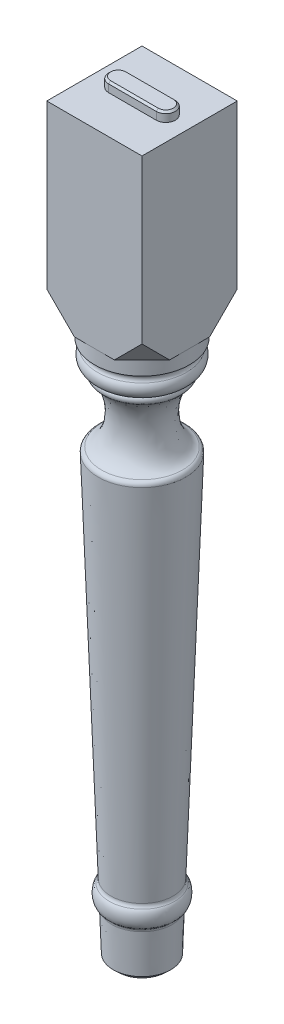
ISO-10303-21;
HEADER;
FILE_DESCRIPTION(('STEP AP214'),'2;1');
FILE_NAME('part.step','',(''),(''),'','','');
FILE_SCHEMA(('AUTOMOTIVE_DESIGN { 1 0 10303 214 1 1 1 1 }'));
ENDSEC;
DATA;
#1=APPLICATION_CONTEXT('core data for automotive mechanical design processes');
#2=APPLICATION_PROTOCOL_DEFINITION('international standard','automotive_design',2000,#1);
#3=PRODUCT_CONTEXT('',#1,'mechanical');
#4=PRODUCT('Part','Part','',(#3));
#5=PRODUCT_RELATED_PRODUCT_CATEGORY('part','',(#4));
#6=PRODUCT_DEFINITION_FORMATION('','',#4);
#7=PRODUCT_DEFINITION_CONTEXT('part definition',#1,'design');
#8=PRODUCT_DEFINITION('design','',#6,#7);
#9=PRODUCT_DEFINITION_SHAPE('','',#8);
#10=(LENGTH_UNIT() NAMED_UNIT(*) SI_UNIT(.MILLI.,.METRE.));
#11=(NAMED_UNIT(*) PLANE_ANGLE_UNIT() SI_UNIT($,.RADIAN.));
#12=(NAMED_UNIT(*) SI_UNIT($,.STERADIAN.) SOLID_ANGLE_UNIT());
#13=UNCERTAINTY_MEASURE_WITH_UNIT(LENGTH_MEASURE(1.E-05),#10,'distance_accuracy_value','');
#14=(GEOMETRIC_REPRESENTATION_CONTEXT(3) GLOBAL_UNCERTAINTY_ASSIGNED_CONTEXT((#13)) GLOBAL_UNIT_ASSIGNED_CONTEXT((#10,
#11,#12)) REPRESENTATION_CONTEXT('',''));
#15=CARTESIAN_POINT('',(0.,0.,0.));
#16=DIRECTION('',(0.,0.,1.));
#17=DIRECTION('',(1.,0.,0.));
#18=AXIS2_PLACEMENT_3D('',#15,#16,#17);
#19=CARTESIAN_POINT('',(0.,0.,0.));
#20=DIRECTION('',(0.,-1.,0.));
#21=DIRECTION('',(0.,0.,-1.));
#22=AXIS2_PLACEMENT_3D('',#19,#20,#21);
#23=PLANE('',#22);
#24=CARTESIAN_POINT('',(0.,0.,0.));
#25=DIRECTION('',(0.,-1.,0.));
#26=DIRECTION('',(0.,0.,-1.));
#27=AXIS2_PLACEMENT_3D('',#24,#25,#26);
#28=CIRCLE('',#27,24.8183506683762);
#29=CARTESIAN_POINT('',(0.,0.,-24.8183506683762));
#30=VERTEX_POINT('',#29);
#31=EDGE_CURVE('E308',#30,#30,#28,.T.);
#32=ORIENTED_EDGE('',*,*,#31,.T.);
#33=EDGE_LOOP('',(#32));
#34=FACE_BOUND('',#33,.T.);
#35=ADVANCED_FACE('F41',(#34),#23,.T.);
#36=CARTESIAN_POINT('',(0.,0.,0.));
#37=DIRECTION('',(0.,1.,0.));
#38=DIRECTION('',(0.,0.,1.));
#39=AXIS2_PLACEMENT_3D('',#36,#37,#38);
#40=CONICAL_SURFACE('',#39,30.,0.0344691009995081);
#41=CARTESIAN_POINT('',(0.,46.8280125464006,0.));
#42=DIRECTION('',(0.,1.,0.));
#43=DIRECTION('',(0.,0.,1.));
#44=AXIS2_PLACEMENT_3D('',#41,#42,#43);
#45=CIRCLE('',#44,31.6147590533242);
#46=CARTESIAN_POINT('',(0.,46.8280125464006,31.6147590533242));
#47=VERTEX_POINT('',#46);
#48=EDGE_CURVE('E293',#47,#47,#45,.F.);
#49=ORIENTED_EDGE('',*,*,#48,.T.);
#50=EDGE_LOOP('',(#49));
#51=FACE_BOUND('',#50,.T.);
#52=CARTESIAN_POINT('',(0.,4.99702999676788,0.));
#53=DIRECTION('',(0.,-1.,0.));
#54=DIRECTION('',(0.,0.,-1.));
#55=AXIS2_PLACEMENT_3D('',#52,#53,#54);
#56=CIRCLE('',#55,30.1723113791989);
#57=CARTESIAN_POINT('',(0.,4.99702999676788,-30.1723113791989));
#58=VERTEX_POINT('',#57);
#59=EDGE_CURVE('E305',#58,#58,#56,.F.);
#60=ORIENTED_EDGE('',*,*,#59,.T.);
#61=EDGE_LOOP('',(#60));
#62=FACE_BOUND('',#61,.T.);
#63=ADVANCED_FACE('F340',(#51,#62),#40,.T.);
#64=CARTESIAN_POINT('',(32.0689655172414,60.,0.));
#65=DIRECTION('',(0.,0.,1.));
#66=DIRECTION('',(0.0344622758397787,0.999405999353588,0.));
#67=AXIS2_PLACEMENT_3D('',#64,#65,#66);
#68=ELLIPSE('',#67,10.0059435369289,5.00297176846444);
#69=CARTESIAN_POINT('',(0.,0.,0.));
#70=DIRECTION('',(0.,-1.,0.));
#71=AXIS1_PLACEMENT('',#69,#70);
#72=SURFACE_OF_REVOLUTION('',#68,#71);
#73=CARTESIAN_POINT('',(0.,69.2136726827971,0.));
#74=DIRECTION('',(0.,-1.,0.));
#75=DIRECTION('',(0.,0.,-1.));
#76=AXIS2_PLACEMENT_3D('',#73,#74,#75);
#77=CIRCLE('',#76,34.2542904177695);
#78=CARTESIAN_POINT('',(0.,69.2136726827971,-34.2542904177695));
#79=VERTEX_POINT('',#78);
#80=EDGE_CURVE('E299',#79,#79,#77,.T.);
#81=ORIENTED_EDGE('',*,*,#80,.T.);
#82=EDGE_LOOP('',(#81));
#83=FACE_BOUND('',#82,.T.);
#84=CARTESIAN_POINT('',(0.,50.6576794563181,0.));
#85=DIRECTION('',(0.,-1.,0.));
#86=DIRECTION('',(0.,0.,-1.));
#87=AXIS2_PLACEMENT_3D('',#84,#85,#86);
#88=CIRCLE('',#87,33.6144285823737);
#89=CARTESIAN_POINT('',(0.,50.6576794563181,-33.6144285823737));
#90=VERTEX_POINT('',#89);
#91=EDGE_CURVE('E302',#90,#90,#88,.F.);
#92=ORIENTED_EDGE('',*,*,#91,.T.);
#93=EDGE_LOOP('',(#92));
#94=FACE_BOUND('',#93,.T.);
#95=ADVANCED_FACE('F336',(#83,#94),#72,.F.);
#96=CARTESIAN_POINT('',(0.,70.,0.));
#97=DIRECTION('',(0.,1.,0.));
#98=DIRECTION('',(0.,0.,1.));
#99=AXIS2_PLACEMENT_3D('',#96,#97,#98);
#100=CONICAL_SURFACE('',#99,32.4137931034483,0.0344691009995079);
#101=CARTESIAN_POINT('',(0.,460.773225628726,0.));
#102=DIRECTION('',(0.,-1.,0.));
#103=DIRECTION('',(0.,0.,-1.));
#104=AXIS2_PLACEMENT_3D('',#101,#102,#103);
#105=CIRCLE('',#104,45.8887319182319);
#106=CARTESIAN_POINT('',(0.,460.773225628726,-45.8887319182319));
#107=VERTEX_POINT('',#106);
#108=EDGE_CURVE('E287',#107,#107,#105,.T.);
#109=ORIENTED_EDGE('',*,*,#108,.T.);
#110=EDGE_LOOP('',(#109));
#111=FACE_BOUND('',#110,.T.);
#112=CARTESIAN_POINT('',(0.,73.1719874535994,0.));
#113=DIRECTION('',(0.,1.,0.));
#114=DIRECTION('',(0.,0.,1.));
#115=AXIS2_PLACEMENT_3D('',#112,#113,#114);
#116=CIRCLE('',#115,32.5231719811586);
#117=CARTESIAN_POINT('',(0.,73.1719874535994,32.5231719811586));
#118=VERTEX_POINT('',#117);
#119=EDGE_CURVE('E296',#118,#118,#116,.T.);
#120=ORIENTED_EDGE('',*,*,#119,.T.);
#121=EDGE_LOOP('',(#120));
#122=FACE_BOUND('',#121,.T.);
#123=ADVANCED_FACE('F331',(#111,#122),#100,.T.);
#124=CARTESIAN_POINT('',(47.2413793103448,500.,0.));
#125=DIRECTION('',(0.,0.,-1.));
#126=DIRECTION('',(-0.0344622758397788,-0.999405999353588,0.));
#127=AXIS2_PLACEMENT_3D('',#124,#125,#126);
#128=ELLIPSE('',#127,35.0208023792512,20.);
#129=CARTESIAN_POINT('',(0.,0.,0.));
#130=DIRECTION('',(0.,-1.,0.));
#131=AXIS1_PLACEMENT('',#129,#130);
#132=SURFACE_OF_REVOLUTION('',#128,#131);
#133=CARTESIAN_POINT('',(0.,465.664216401681,0.));
#134=DIRECTION('',(0.,-1.,0.));
#135=DIRECTION('',(0.,0.,-1.));
#136=AXIS2_PLACEMENT_3D('',#133,#134,#135);
#137=CIRCLE('',#136,42.5452026861877);
#138=CARTESIAN_POINT('',(0.,465.664216401681,-42.5452026861877));
#139=VERTEX_POINT('',#138);
#140=EDGE_CURVE('E284',#139,#139,#137,.F.);
#141=ORIENTED_EDGE('',*,*,#140,.T.);
#142=EDGE_LOOP('',(#141));
#143=FACE_BOUND('',#142,.T.);
#144=CARTESIAN_POINT('',(0.,531.799410173162,0.));
#145=DIRECTION('',(0.,-1.,0.));
#146=DIRECTION('',(0.,0.,-1.));
#147=AXIS2_PLACEMENT_3D('',#144,#145,#146);
#148=CIRCLE('',#147,39.6136701376359);
#149=CARTESIAN_POINT('',(0.,531.799410173162,-39.6136701376359));
#150=VERTEX_POINT('',#149);
#151=EDGE_CURVE('E290',#150,#150,#148,.T.);
#152=ORIENTED_EDGE('',*,*,#151,.T.);
#153=EDGE_LOOP('',(#152));
#154=FACE_BOUND('',#153,.T.);
#155=ADVANCED_FACE('F326',(#143,#154),#132,.F.);
#156=CARTESIAN_POINT('',(0.,550.,0.));
#157=DIRECTION('',(0.,-1.,0.));
#158=DIRECTION('',(0.,0.,-1.));
#159=AXIS2_PLACEMENT_3D('',#156,#157,#158);
#160=TOROIDAL_SURFACE('',#159,39.1003134648673,10.);
#161=CARTESIAN_POINT('',(0.,556.507985231847,0.));
#162=DIRECTION('',(0.,-1.,0.));
#163=DIRECTION('',(0.,0.,-1.));
#164=AXIS2_PLACEMENT_3D('',#161,#162,#163);
#165=CIRCLE('',#164,46.6928182045471);
#166=CARTESIAN_POINT('',(0.,556.507985231847,-46.6928182045471));
#167=VERTEX_POINT('',#166);
#168=EDGE_CURVE('E281',#167,#167,#165,.T.);
#169=ORIENTED_EDGE('',*,*,#168,.T.);
#170=EDGE_LOOP('',(#169));
#171=FACE_BOUND('',#170,.T.);
#172=CARTESIAN_POINT('',(0.,540.,0.));
#173=DIRECTION('',(0.,-1.,0.));
#174=DIRECTION('',(0.,0.,-1.));
#175=AXIS2_PLACEMENT_3D('',#172,#173,#174);
#176=CIRCLE('',#175,39.1003134648673);
#177=CARTESIAN_POINT('',(0.,540.,-39.1003134648673));
#178=VERTEX_POINT('',#177);
#179=EDGE_CURVE('E311',#178,#178,#176,.T.);
#180=ORIENTED_EDGE('',*,*,#179,.F.);
#181=EDGE_LOOP('',(#180));
#182=FACE_BOUND('',#181,.T.);
#183=ADVANCED_FACE('F330',(#171,#182),#160,.T.);
#184=CARTESIAN_POINT('',(0.,560.,0.));
#185=DIRECTION('',(0.,1.,0.));
#186=DIRECTION('',(0.,0.,1.));
#187=AXIS2_PLACEMENT_3D('',#184,#185,#186);
#188=CONICAL_SURFACE('',#187,39.1003134648673,1.1372815251714);
#189=CARTESIAN_POINT('',(0.,564.29945244737,0.));
#190=DIRECTION('',(0.,1.,0.));
#191=DIRECTION('',(0.,0.,1.));
#192=AXIS2_PLACEMENT_3D('',#189,#190,#191);
#193=CIRCLE('',#192,48.3887552985328);
#194=CARTESIAN_POINT('',(0.,564.29945244737,48.3887552985328));
#195=VERTEX_POINT('',#194);
#196=EDGE_CURVE('E278',#195,#195,#193,.T.);
#197=ORIENTED_EDGE('',*,*,#196,.T.);
#198=EDGE_LOOP('',(#197));
#199=FACE_BOUND('',#198,.T.);
#200=CARTESIAN_POINT('',(0.,565.,0.));
#201=DIRECTION('',(0.,-1.,0.));
#202=DIRECTION('',(0.,0.,-1.));
#203=AXIS2_PLACEMENT_3D('',#200,#201,#202);
#204=CIRCLE('',#203,49.9022027139811);
#205=CARTESIAN_POINT('',(0.,565.,-49.9022027139811));
#206=VERTEX_POINT('',#205);
#207=EDGE_CURVE('E314',#206,#206,#204,.T.);
#208=ORIENTED_EDGE('',*,*,#207,.T.);
#209=EDGE_LOOP('',(#208));
#210=FACE_BOUND('',#209,.T.);
#211=ADVANCED_FACE('F557',(#199,#210),#188,.T.);
#212=CARTESIAN_POINT('',(0.,565.,0.));
#213=DIRECTION('',(0.,1.,0.));
#214=DIRECTION('',(0.,0.,1.));
#215=AXIS2_PLACEMENT_3D('',#212,#213,#214);
#216=CONICAL_SURFACE('',#215,49.9022027139811,0.00651972668870377);
#217=CARTESIAN_POINT('',(0.,580.,0.));
#218=DIRECTION('',(0.,-1.,0.));
#219=DIRECTION('',(0.,0.,-1.));
#220=AXIS2_PLACEMENT_3D('',#217,#218,#219);
#221=CIRCLE('',#220,50.);
#222=CARTESIAN_POINT('',(0.,580.,-50.));
#223=VERTEX_POINT('',#222);
#224=CARTESIAN_POINT('',(50.,580.,0.));
#225=VERTEX_POINT('',#224);
#226=EDGE_CURVE('E317',#223,#225,#221,.T.);
#227=ORIENTED_EDGE('',*,*,#226,.T.);
#228=CARTESIAN_POINT('',(0.,580.,50.));
#229=VERTEX_POINT('',#228);
#230=EDGE_CURVE('E320',#225,#229,#221,.T.);
#231=ORIENTED_EDGE('',*,*,#230,.T.);
#232=CARTESIAN_POINT('',(-50.,580.,0.));
#233=VERTEX_POINT('',#232);
#234=EDGE_CURVE('E455',#229,#233,#221,.T.);
#235=ORIENTED_EDGE('',*,*,#234,.T.);
#236=EDGE_CURVE('E205',#233,#223,#221,.T.);
#237=ORIENTED_EDGE('',*,*,#236,.T.);
#238=EDGE_LOOP('',(#227,#231,#235,#237));
#239=FACE_BOUND('',#238,.T.);
#240=ORIENTED_EDGE('',*,*,#207,.F.);
#241=EDGE_LOOP('',(#240));
#242=FACE_BOUND('',#241,.T.);
#243=ADVANCED_FACE('F461',(#239,#242),#216,.T.);
#244=CARTESIAN_POINT('',(0.,580.,0.));
#245=DIRECTION('',(0.,1.,0.));
#246=DIRECTION('',(0.,0.,1.));
#247=AXIS2_PLACEMENT_3D('',#244,#245,#246);
#248=PLANE('',#247);
#249=DIRECTION('',(-0.707106781186548,0.,-0.707106781186548));
#250=VECTOR('',#249,1.);
#251=CARTESIAN_POINT('',(35.5,580.,-35.5));
#252=LINE('',#251,#250);
#253=CARTESIAN_POINT('',(50.,580.,-21.));
#254=VERTEX_POINT('',#253);
#255=CARTESIAN_POINT('',(21.,580.,-50.));
#256=VERTEX_POINT('',#255);
#257=EDGE_CURVE('E227',#254,#256,#252,.T.);
#258=ORIENTED_EDGE('',*,*,#257,.F.);
#259=DIRECTION('',(0.,0.,-1.));
#260=VECTOR('',#259,1.);
#261=CARTESIAN_POINT('',(50.,580.,-50.));
#262=LINE('',#261,#260);
#263=EDGE_CURVE('E425',#225,#254,#262,.T.);
#264=ORIENTED_EDGE('',*,*,#263,.F.);
#265=ORIENTED_EDGE('',*,*,#226,.F.);
#266=DIRECTION('',(-1.,0.,0.));
#267=VECTOR('',#266,1.);
#268=CARTESIAN_POINT('',(-50.,580.,-50.));
#269=LINE('',#268,#267);
#270=EDGE_CURVE('E445',#256,#223,#269,.T.);
#271=ORIENTED_EDGE('',*,*,#270,.F.);
#272=EDGE_LOOP('',(#258,#264,#265,#271));
#273=FACE_BOUND('',#272,.T.);
#274=ADVANCED_FACE('F472',(#273),#248,.F.);
#275=DIRECTION('',(0.707106781186548,0.,-0.707106781186548));
#276=VECTOR('',#275,1.);
#277=CARTESIAN_POINT('',(35.5,580.,35.5));
#278=LINE('',#277,#276);
#279=CARTESIAN_POINT('',(21.,580.,50.));
#280=VERTEX_POINT('',#279);
#281=CARTESIAN_POINT('',(50.,580.,21.0000000000001));
#282=VERTEX_POINT('',#281);
#283=EDGE_CURVE('E236',#280,#282,#278,.T.);
#284=ORIENTED_EDGE('',*,*,#283,.F.);
#285=DIRECTION('',(1.,0.,0.));
#286=VECTOR('',#285,1.);
#287=CARTESIAN_POINT('',(-50.,580.,50.));
#288=LINE('',#287,#286);
#289=EDGE_CURVE('E209',#229,#280,#288,.T.);
#290=ORIENTED_EDGE('',*,*,#289,.F.);
#291=ORIENTED_EDGE('',*,*,#230,.F.);
#292=EDGE_CURVE('E442',#282,#225,#262,.T.);
#293=ORIENTED_EDGE('',*,*,#292,.F.);
#294=EDGE_LOOP('',(#284,#290,#291,#293));
#295=FACE_BOUND('',#294,.T.);
#296=ADVANCED_FACE('F469',(#295),#248,.F.);
#297=DIRECTION('',(0.707106781186548,0.,0.707106781186547));
#298=VECTOR('',#297,1.);
#299=CARTESIAN_POINT('',(-35.5,580.,35.5));
#300=LINE('',#299,#298);
#301=CARTESIAN_POINT('',(-50.,580.,21.));
#302=VERTEX_POINT('',#301);
#303=CARTESIAN_POINT('',(-21.,580.,50.));
#304=VERTEX_POINT('',#303);
#305=EDGE_CURVE('E245',#302,#304,#300,.T.);
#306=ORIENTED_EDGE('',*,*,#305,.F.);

§ About this exercise
Look for the line that contains "#303=CARTESIAN_POINT('',(-21.,580.,50.));" in the listing above. Set down that line and each line after it, ending with the last one.

§ Solution to this exercise
#303=CARTESIAN_POINT('',(-21.,580.,50.));
#304=VERTEX_POINT('',#303);
#305=EDGE_CURVE('E245',#302,#304,#300,.T.);
#306=ORIENTED_EDGE('',*,*,#305,.F.);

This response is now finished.